Depuis les ports de ces trois villes, des carburants sont exportés partout dans le monde. Mais plus la cargaison est toxique, plus il est probable que celle-ci soit destinée aux marchés africains. Environ 80 % du diesel exporté vers l’Afrique depuis la zone ARA présente en effet une teneur en soufre au moins cent fois supérieure à la limite admise en Europe. L’Europe est le premier exportateur de la « qualité africaine » vers l’Afrique de l’Ouest.
Comme le montre notre enquête, les négociants suisses dominent la voie maritime entre la zone ARA et l’Afrique de l’Ouest. En 2014, ils ont affrété 61 % des 133 navires pétroliers ayant fait ce trajet que nous avons pu identifier.
Blending : des mélanges toxiques pour l’Afrique
Les sociétés suisses de négoce ont beaucoup investi dans la zone ARA, notamment en y achetant des entrepôts et des raffineries. Et c'est entre Amsterdam et Anvers qu’elles produisent leurs carburants de « qualité africaine ». Produisent ?
En effet, les négociants suisses ne se contentent pas de transporter et de vendre des carburants toxiques. Certains produisent également ce diesel et cette essence de mauvaise qualité, en profitant de la faiblesse des standards africains pour maximiser leurs profits. Ces sociétés produisent donc, en Europe, du diesel et de l’essence qui ne pourraient jamais y être vendus.
Comment ces carburants toxiques sont-ils fabriqués ?
Contrairement à ce que l’on pourrait imaginer, le diesel et l’essence ne sortent pas des raffineries sous forme de produits finis, mais sont faits de différents composants, appelés produits pétroliers intermédiaires (blendstocks). Les négociants achètent ces produits intermédiaires de différentes qualités et les mélangent afin de les transformer en carburants commercialisables. Cette étape est appelée « blending ». Elle est généralement effectuée sur la terre ferme, dans les entrepôts, mais peut aussi avoir lieu en mer, à bord de navires. Les négociants peuvent ajuster le produit final en fonction de la qualité désirée ou des standards exigés par le pays de destination.

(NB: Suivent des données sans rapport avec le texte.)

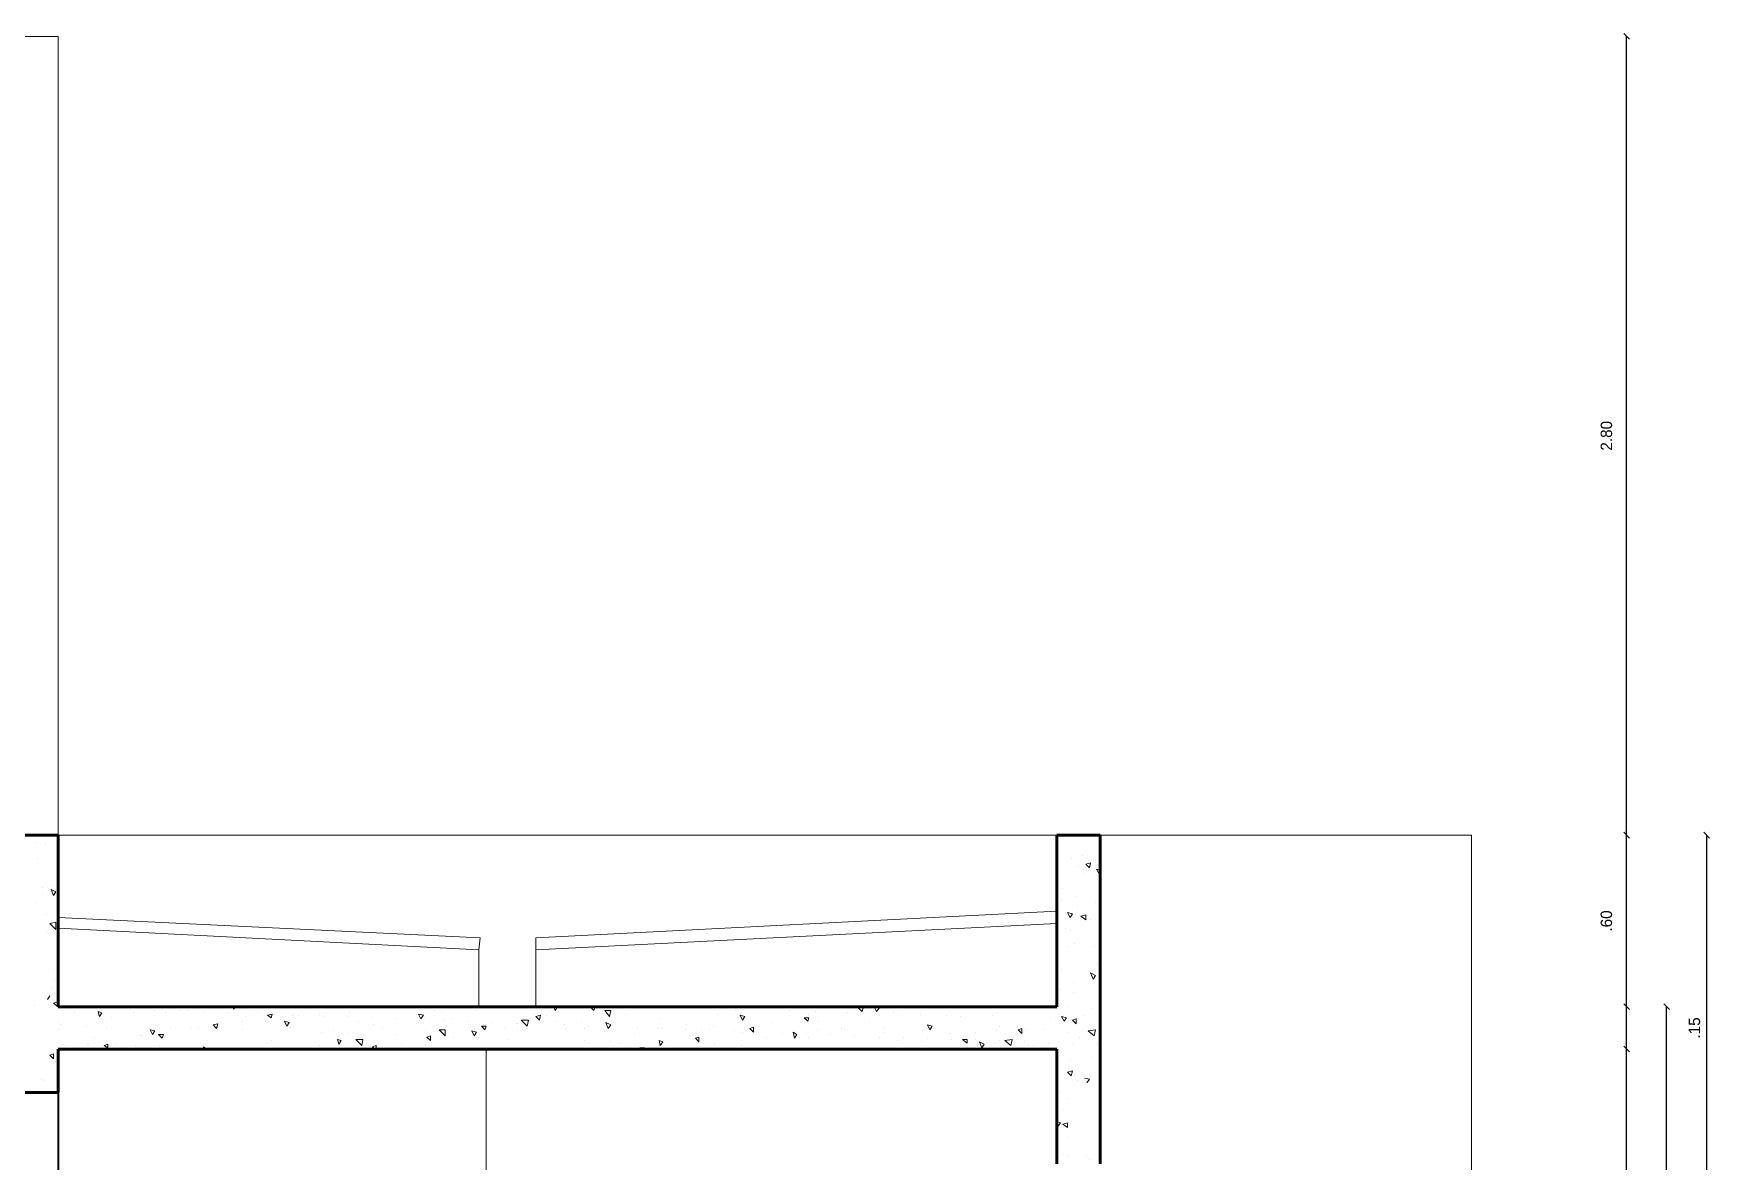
# Model space of a CAD drawing. Header units: metres. Extents: x 6 to 145, y 4 to 18.
# Drawn here: x 110.76 to 116.63, y 12.59 to 16.54 of the extents above; entities that cross this region are included whole.
import ezdxf

# ---------------------------------------------------------------- set-up
doc = ezdxf.new("R2010")
doc.units = ezdxf.units.M
doc.linetypes.add('DASHED2', pattern=[0.375, 0.25, -0.125])
doc.layers.get('0').update_dxf_attribs({"linetype": 'DASHED2'})
for name, color, linetype in [('01', 7, 'Continuous'), ('ARQ - Cotas', 9, 'Continuous'), ('COTA', 5, 'Continuous')]:
    doc.layers.add(name, color=color, linetype=linetype)
doc.styles.add('ISA', font='stylu.ttf')
doc.dimstyles.new('ANAPAULA25', dxfattribs={"dimscale": 0, "dimtxt": 0.04, "dimasz": 0.02, "dimexe": 0.1, "dimexo": 0.4, "dimgap": 0.05, "dimtad": 1, "dimzin": 4, "dimdsep": 46, "dimtxsty": 'ISA', "dimblk": 'OBLIQUE', "dimcen": 0.03, "dimse1": 1, "dimse2": 1, "dimclrd": 256, "dimclrt": 256, "dimadec": 0, "dimazin": 0, "dimtfac": 1, "dimtmove": 2, "dimatfit": 3, "dimldrblk": 'OPEN30', "dimfxl": 0.1, "dimtolj": 1, "dimtzin": 0, "dimlwd": -1, "dimarcsym": 0})

# ---------------------------------------------------------------- blocks, each defined once
blk = doc.blocks.new('_Oblique')
at = {"color": 0, "linetype": 'ByBlock', "lineweight": -2}
blk.add_line((-0.5, -0.5), (0.5, 0.5), dxfattribs=at)
blk = doc.blocks.new('*D249')
at = {"layer": 'COTA', "ltscale": 1000, "transparency": 16777216}
blk.add_line((116.3436, 9.9783), (116.3436, 12.9798), dxfattribs=at)
at = {"layer": 'Defpoints', "color": 0, "ltscale": 1000, "transparency": 16777216}
for p in [(114.3477, 12.9798), (116.3436, 12.9798), (114.3477, 9.9783)]:
    blk.add_point(p, dxfattribs=at)
at = {"layer": 'COTA', "ltscale": 1000, "transparency": 16777216, "xscale": 0.02, "yscale": 0.02, "zscale": 0.02}
for p, rotation in [((116.3436, 12.9798), 90), ((116.3436, 9.9783), 270)]:
    blk.add_blockref('_Oblique', p, dxfattribs=dict(at, rotation=rotation))
at = {"layer": 'COTA', "ltscale": 1000, "transparency": 16777216, "insert": (116.2728, 11.479), "char_height": 0.04, "attachment_point": 5, "rotation": 90, "style": 'ISA'}
blk.add_mtext('\\A1;3.00', dxfattribs=at)
blk = doc.blocks.new('_Open30')
at = {"layer": 'ARQ - Cotas', "color": 0, "lineweight": -2}
for p, q in [((-1, 0.27), (0, 0)), ((0, 0), (-1, -0.27)), ((0, 0), (-1, 0))]:
    blk.add_line(p, q, dxfattribs=at)
blk = doc.blocks.new('*D250')
at = {"layer": 'COTA', "ltscale": 1000, "transparency": 16777216}
blk.add_line((116.3436, 12.9798), (116.3436, 13.1279), dxfattribs=at)
at = {"layer": 'Defpoints', "color": 0, "ltscale": 1000, "transparency": 16777216}
for p in [(114.3477, 13.1279), (116.3436, 13.1279), (114.3477, 12.9798)]:
    blk.add_point(p, dxfattribs=at)
at = {"layer": 'COTA', "ltscale": 1000, "transparency": 16777216, "xscale": 0.02, "yscale": 0.02, "zscale": 0.02}
for p, rotation in [((116.3436, 13.1279), 90), ((116.3436, 12.9798), 270)]:
    blk.add_blockref('_Oblique', p, dxfattribs=dict(at, rotation=rotation))
at = {"layer": 'COTA', "ltscale": 1000, "transparency": 16777216, "insert": (116.5812, 13.0538), "char_height": 0.04, "attachment_point": 5, "rotation": 90, "style": 'ISA'}
blk.add_mtext('\\A1;.15', dxfattribs=at)
blk = doc.blocks.new('*D251')
at = {"layer": 'COTA', "ltscale": 1000, "transparency": 16777216}
blk.add_line((116.3436, 13.1279), (116.3436, 13.7291), dxfattribs=at)
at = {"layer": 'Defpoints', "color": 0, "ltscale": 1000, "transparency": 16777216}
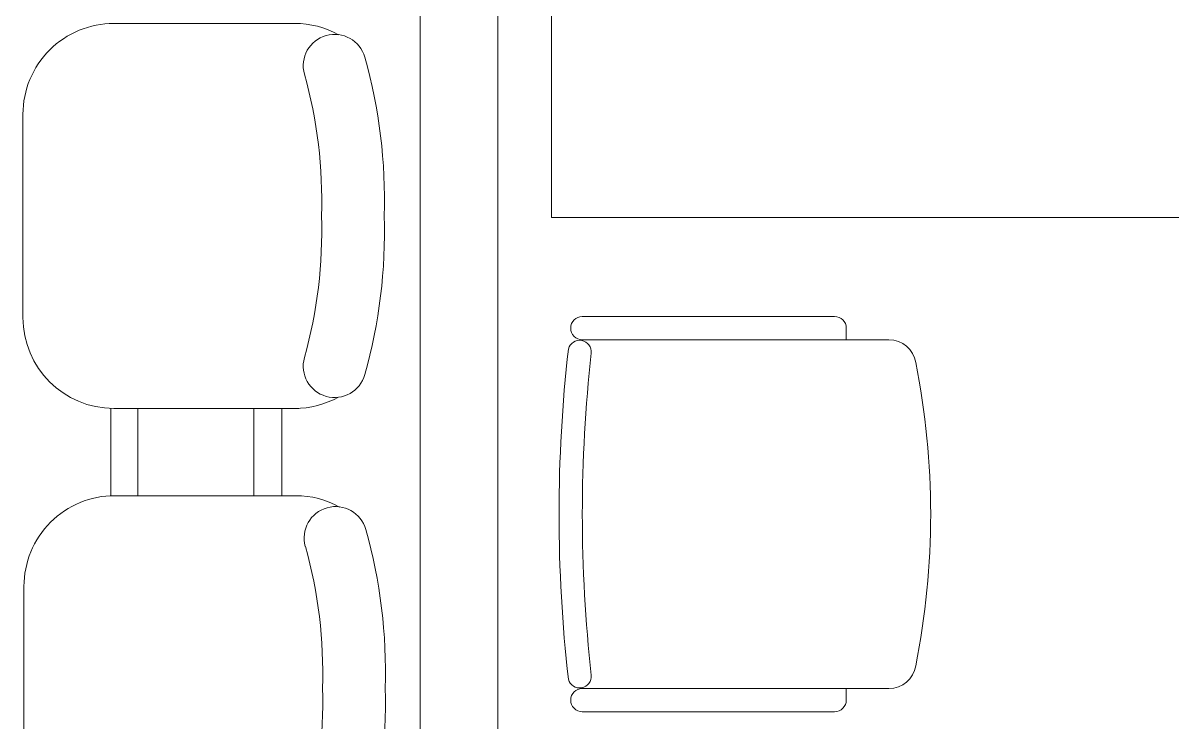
# Model space of a CAD drawing. Header units: millimetres. Extents: x -160614 to 59925, y -157025 to 0.
# Drawn here: x -105973 to -104490, y -113888 to -112986 of the extents above; entities that cross this region are included whole.
import ezdxf
from ezdxf.enums import TextEntityAlignment as Align

# ---------------------------------------------------------------- set-up
doc = ezdxf.new("R2010")
doc.units = ezdxf.units.MM
doc.header["$LTSCALE"] = 8
doc.layers.get('0').update_dxf_attribs({"color": 9, "lineweight": 5})
for name, color, linetype, lineweight in [('72_EGR_EQP_TAG', 9, 'Continuous', 5), ('LOADING', 9, 'Continuous', 5), ('NEW Wall', 9, 'Continuous', 5), ('Walls', 9, 'Continuous', 5)]:
    doc.layers.add(name, color=color, linetype=linetype, lineweight=lineweight)
doc.layers.get('0').off()
doc.layers.get('0').freeze()
doc.styles.get("Standard").update_dxf_attribs({"font": 'ARIALUNI.TTF'})

# ---------------------------------------------------------------- blocks, each defined once
blk = doc.blocks.new('GF21016-P')
at = {"layer": 'LOADING', "extrusion": (-1.24384e-09, -1.20261e-09, -1)}
for p, q in [((0.0128, 0.0179), (0.0128, 0.4136)), ((0.4628, 0.0179), (0.4628, 0.4136)), ((-0.0022, 0.3585), (0.0128, 0.3585)), ((0.4778, 0.3585), (0.4628, 0.3585)), ((-0.0172, 0.0179), (-0.0172, 0.3435)), ((0.4928, 0.0179), (0.4928, 0.3435)), ((0.4778, 0.0029), (0.4778, 0.0029))]:
    blk.add_line(p, q, dxfattribs=at)
for centre, radius, start, end in [((-0.2378, -0.5362), 1.0036, 78.7568, 101.2432), ((-0.0478, 0.4136), 0.035, 0, 80.6557), ((-0.4278, 0.4136), 0.035, 99.3443, 180), ((0.0022, 0.3435), 0.015, 0, 90), ((-0.4778, 0.3435), 0.015, 90, 180), ((-0.0284, 0.0145), 0.015, 284.3864, 95.5209), ((-0.4471, 0.0145), 0.015, 84.4791, 255.6136), ((0.0022, 0.0179), 0.015, 270, 0), ((0.0022, 0.0179), 0.015, 180, 270), ((-0.2378, 1.8928), 1.8749, 263.6341, 276.3659), ((-0.4778, 0.0179), 0.015, 270, 0), ((-0.4778, 0.0179), 0.015, 180, 270), ((-0.2378, 1.8734), 1.8855, 263.5119, 276.4881)]:
    blk.add_arc(centre, radius, start, end, dxfattribs=at)
blk = doc.blocks.new('*X23')
for p, q in [((13, 1), (13, 1)), ((13, 1), (13, 1)), ((13, 1), (13, 1)), ((13, 1), (13, 1)), ((13, 1), (13, 1)), ((13, 1), (13, 1)), ((13, 1), (13, 1)), ((13, 1), (13, 1)), ((13, 1), (13, 1)), ((13, 1), (13, 1)), ((13, 1), (13, 1)), ((13, 1), (13, 1)), ((13, 1), (13, 1)), ((13, 1), (13, 1)), ((13, 1), (13, 1)), ((13, 1), (14, 1)), ((13, 1), (14, 1)), ((13, 1), (14, 1)), ((13, 1), (13, 1)), ((13, 1), (13, 1)), ((13, 1), (13, 1)), ((13, 1), (13, 1)), ((13, 1), (13, 1)), ((13, 1), (13, 1)), ((13, 1), (13, 1)), ((13, 1), (13, 1)), ((13, 1), (13, 1)), ((13, 1), (13, 1)), ((13, 1), (13, 1)), ((13, 1), (13, 1)), ((13, 1), (13, 1)), ((13, 1), (13, 1)), ((13, 1), (13, 1)), ((13, 1), (13, 1)), ((13, 1), (13, 1)), ((13, 1), (13, 1)), ((13, 1), (13, 1)), ((13, 1), (13, 1)), ((13, 1), (13, 1)), ((13, 1), (13, 1)), ((13, 1), (13, 1)), ((13, 1), (13, 1)), ((13, 1), (13, 1)), ((13, 1), (13, 1)), ((13, 1), (13, 1)), ((13, 1), (13, 1)), ((13, 1), (13, 1)), ((13, 1), (13, 1)), ((13, 1), (13, 1)), ((13, 1), (13, 1)), ((13, 1), (13, 1)), ((13, 1), (13, 1)), ((13, 1), (13, 1)), ((13, 1), (13, 1)), ((13, 1), (13, 1)), ((13, 1), (13, 1)), ((13, 1), (13, 1)), ((13, 1), (13, 1)), ((13, 1), (13, 1)), ((13, 1), (13, 1)), ((13, 1), (13, 1)), ((13, 1), (13, 1)), ((13, 1), (13, 1)), ((13, 1), (13, 1)), ((13, 1), (13, 1)), ((13, 1), (13, 1)), ((13, 1), (13, 1)), ((13, 1), (13, 1)), ((13, 1), (13, 1)), ((13, 1), (13, 1)), ((13, 1), (13, 1)), ((13, 1), (13, 1)), ((13, 1), (13, 1)), ((13, 1), (13, 1)), ((13, 1), (13, 1)), ((13, 1), (13, 1)), ((13, 1), (13, 1)), ((13, 1), (13, 1)), ((13, 1), (13, 1)), ((13, 1), (13, 1)), ((13, 1), (13, 1)), ((13, 1), (13, 1)), ((13, 1), (13, 1)), ((13, 1), (13, 1)), ((13, 1), (13, 1)), ((13, 1), (13, 1)), ((13, 1), (13, 1)), ((13, 1), (13, 1)), ((13, 1), (13, 1)), ((13, 1), (13, 1)), ((13, 1), (13, 1)), ((13, 1), (13, 1)), ((13, 1), (13, 1)), ((13, 1), (13, 1)), ((13, 1), (13, 1)), ((13, 1), (13, 1)), ((13, 1), (13, 1)), ((13, 1), (13, 1)), ((13, 1), (13, 1)), ((13, 1), (13, 1)), ((13, 1), (13, 1)), ((13, 1), (13, 1)), ((13, 1), (13, 1)), ((13, 1), (13, 1)), ((13, 1), (13, 1)), ((13, 1), (13, 1)), ((13, 1), (13, 1)), ((13, 1), (13, 1)), ((13, 1), (13, 1)), ((13, 1), (13, 1)), ((13, 1), (13, 1)), ((13, 1), (13, 1)), ((13, 1), (13, 1)), ((13, 1), (13, 1)), ((13, 1), (13, 1)), ((13, 1), (13, 1)), ((13, 1), (13, 1)), ((13, 1), (13, 1)), ((13, 1), (13, 1)), ((13, 1), (13, 1)), ((13, 1), (13, 1)), ((13, 1), (13, 1)), ((13, 1), (13, 1)), ((13, 1), (14, 1)), ((13, 0), (13, 0)), ((13, 0), (13, 0)), ((13, 0), (13, 0)), ((13, 0), (13, 0)), ((13, 0), (13, 0)), ((13, 0), (13, 0)), ((13, 0), (13, 0)), ((13, 0), (13, 0)), ((13, 0), (13, 0)), ((13, 0), (13, 0)), ((13, 0), (13, 0)), ((13, 0), (13, 0)), ((13, 0), (13, 0)), ((13, 0), (13, 0)), ((13, 0), (13, 0)), ((13, 0), (13, 0)), ((13, 0), (13, 0)), ((13, 0), (13, 0)), ((13, 0), (13, 0)), ((13, 0), (13, 0)), ((13, 0), (13, 0)), ((13, 0), (13, 0)), ((13, 0), (13, 0)), ((13, 0), (13, 0)), ((13, 0), (13, 0)), ((13, 0), (13, 0)), ((13, 0), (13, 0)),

En soi, le blending est une pratique courante et légitime. Mais elle devient illégitime dès lors qu’elle consiste à produire délibérément des carburants toxiques, à haute teneur en soufre, en tirant parti des faibles réglementations en vigueur dans certains pays. Afin de maximiser leurs profits, les négociants mélangent des produits intermédiaires de piètre qualité – et donc bon marché -, parfois issus des déchets de l’industrie chimique, pour les transformer en diesel ou en essence. C’est ce que l’industrie appelle la « qualité africaine », soit des carburants nocifs pour la santé et qui ne pourraient pas être commercialisés en Europe.
Ce modèle d’affaires est aussi une manière sophistiquée de se débarrasser à bon compte de nos déchets en Afrique. Ces pratiques ont un coût très élevé : la santé de millions d’Africains et Africaines. Mais ce n’est pas une fatalité. Ces produits intermédiaires toxiques pourraient et devraient être traités afin de réduire autant que possible leur teneur en soufre et autres substances nocives.